Chances are this is stuff waiting to be shipped onwards so the likes of Amazon, HMV will still have large stock piles and the CD pressing plants will go into overdrive.
one caller to LBC had gone down to his premises opposite the sony warehouse to take a quick backup of their essential business continuity data in genuine fear that both of his warehouses might be torched. the data engineer phoned LBC to say what was happening at sony, he called it a 10 acre dvd distribution building, he saw a small gang enter 'run away with armfuls of wii type stuff' then it was torched.
i suppose at night, in a riot, with the police watching from a distance contemplating cuts, a boxed PSP Vita might resemble a Wii 3, as thugs run past at high speed. The same caller mentioned that if the similarly massive sainsbury's warehouse in the same complex near the M25 was torched (as he had heard) then London would go hungry this week... I still haven't heard if this happened?
LBC devoted around 12 hours of detailed on-the-spot eyewitness reports overnight, fascinating and dreadful to hear. COBRA switch off the CRACKBERRY encryption for the next few nights maybe?
They should have embraced the medium of downloads sooner, and in a bigger way.
I find it hard to muster any sympathy for the music biz. Sorry.
And being uninsured due to rioting? So basically they're in the same boat as every other Londoner who's had their car/home/business torched?
There's quite a few things which an insurance company doesn't cover, nuclear bombs for one. It doesn't mean there's no compensation, since the compensation may be paid by the Government.
In the case of Riot, the Insurance company, if they pay out, can claim compensation from the Police. There was talk of replacing the Riot (Damages) Act, a few years ago, but that Act still seems to be in force. And, if you're not insured, you can make a claim yourself.
One obvious example: a lot of vehicles are insured third-party only, and so if they were damaged or destroyed there would be no insurance cover. But the owner could put in a claim to the Police Authority. If they had insurance cover that did apply, they would get a payment from the Insurance Company, who could then claim from the Police Authority.
It surprised me. But all those IRA bombs: the Government paid compensation.
There is a large Sainsburys depot there too and a big estate of 3/4 bed houses, quite a few people live around that stretch next to Epping forest. Lots of innocent people could have their houses torched by accident. I don't like SONY much but that's just bang out of order. Busting into a depot, clocking the security staff and torching the place. I hope they have the CCTV footage and catch bastards.
When they catch the buggers involved all these riots, get 'em on chain gangs and have them digging ditches or digging over OAP's gardens and allotments. Come Springtime when the cases finally get to court, the drains will need clearing of the Winter debris too!!
Just seen some photos and its still pouring out thick black smoke.
@AC 09.29 "Do find it odd that a major warehouse is in London though, shift it a few miles away and save a fortune in costs."
Enfield is a few miles away from London proper as you can see the warehouse in question from the M25.
@AC 09.30 - Sainsbury's depot hasn't been hit probably as its on a different site with several fields and a river between them. The depot is much bigger than the Sony warehouse too as the building itself is just over half a mile long.
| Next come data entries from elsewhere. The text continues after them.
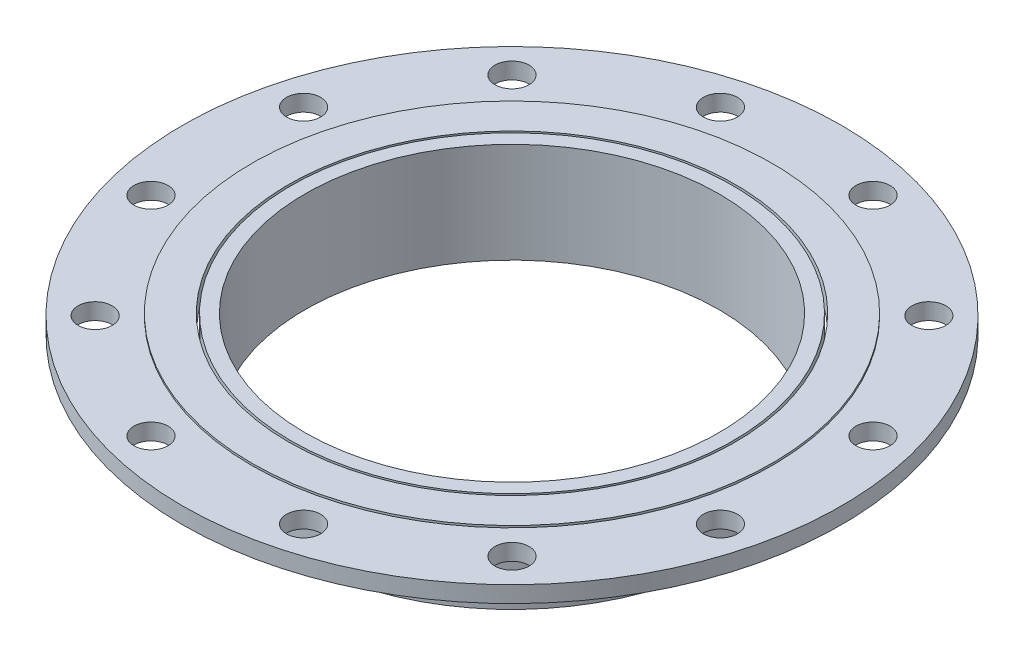
SolidWorks part; units mm, degrees
ref_plane "Front Plane" through (0, 0, 0) normal (0, 0, 1) x (1, 0, 0)
ref_plane "Top Plane" through (0, 0, 0) normal (0, 1, 0) x (1, 0, 0)
ref_plane "Right Plane" through (0, 0, 0) normal (1, 0, 0) x (0, 0, -1)
ref_plane "Plane1" through (0, 350, 0) normal (0, 1, 0) x (1, 0, 0)
ref_plane "Plane2" through (0, 400, 0) normal (0, 1, 0) x (1, 0, 0)
sketch "Sketch9" plane through (0, 400, 0) normal (0, 1, 0) x (1, 0, 0)
  circle A0 centre (0, 0) radius 241.5
  circle A1 centre (0, 0) radius 163.6
  dimension "D1" = 483
  dimension "D2" = 327.2
extrude "Boss-Extrude1" add sketch "Sketch9" along normal blind 12 contours A1 | A0 region at (0, 400, 0)
sketch "Sketch10" plane through (0, 412, 0) normal (0, 1, 0) x (1, 0, 0)
  line L0 (0, 0) -> (0, 272.0092) construction
  line L1 (0, 0) -> (-55.9049, 208.64) construction
  circle A0 centre (0, 0) radius 216 construction
  circle A1 centre (-55.9049, 208.64) radius 12.5
  dimension "D2" = 432
  dimension "D3" = 25
  dimension "D1" = 15
extrude "Cut-Extrude1" cut sketch "Sketch10" against normal blind 12
ref_axis "Axis1" through (0, 456.0583, 0) along (0, -1, 0)
pattern_circular "CirPattern1" count 12 over 360 about axis through (0, 456.0583, 0) along (0, -1, 0) of "Cut-Extrude1"
sketch "Sketch11" plane through (0, 412, 0) normal (0, 1, 0) x (1, 0, 0)
  circle A0 centre (0, 0) radius 163.6
  circle A1 centre (0, 0) radius 190.5
  dimension "D1" = 381
extrude "Boss-Extrude2" add sketch "Sketch11" along normal blind 1.5
sketch "Sketch12" plane through (0, 413.5, 0) normal (0, 1, 0) x (1, 0, 0)
  circle A0 centre (0, 0) radius 161.95
  circle A1 centre (0, 0) radius 151.64
  dimension "D1" = 323.9
  dimension "D2" = 10.31
extrude "Boss-Extrude3" add sketch "Sketch12" against normal blind 73.5 separate body

...but seriously, I'd like to think nobody within this forum would actually walk into a building and set fire to it for no real reason whatsoever. This is hardly a breakdown of society as we know it or if it is it'd have to crumble significantly more than this for me to even contemplate breaching such social norms, but then again maybe I wouldn't last very long in the 'new world' and I'll quickly die regretting not grabbing some Sony stock whilst I had the chance...
And what's with the violence spreading to other cities? Come on! People should get a grip of their senses and sensibilities (God I hate that film) maybe I'm giving the criminals too much credit but surely it shouldn't be that easy to slip into such base behaviour, in fact, base? No, base would be looting/gathering food and water in an appropriate situation. I guess this is simple crime and criminality.
ffs!
....this is all down to some enterprising sods spotting the money-spinning potential of the cunning criminal technique pioneered in Oslo recently.
Cause mayhem at point A and nefariously fill your boots at point B while the cops are off mob-handed elsewhere. In this case, a bit of rabble-rousing in TwitFaceBerry land substitutes for a couple of tonnes of Polish fertiliser in a VW Golf and the aim of the whole exercise is discount shopping rather than mass murder.
Now if I've thought of that I suspect the Police will, so those seen looting away from the main event could be answering some very difficult questions in the not too distant future.....
...at what point does a bunch of thugs breaking into a warehouse, stealing stuff and torching it become a riot, or civil unrest?
When there's two of them? Five? Ten? When there's something else on fire nearby? When Someone else is doing the same somewhere else in the city/country? When the police turn up to try and stop them?
So many of the young today are looking at a future where they can get no proper education, no jobs, no real prospects. They are also told they will be paying for the baby-boomers pensions.
House prices are going so far past their means that is not worth even trying, council housing is practically non-existant and renting from a housing co-operative is the only way that they can move out of the family home.
The easy route, indeed maybe the only route easily open to them can always be to deal in drugs and other criminal activities since, aside from becoming a top professional footballer, they know they will not be able to afford the lifestyle they aspire to (or rather that the advertising machine wants them to aspire to) so what have they got to lose?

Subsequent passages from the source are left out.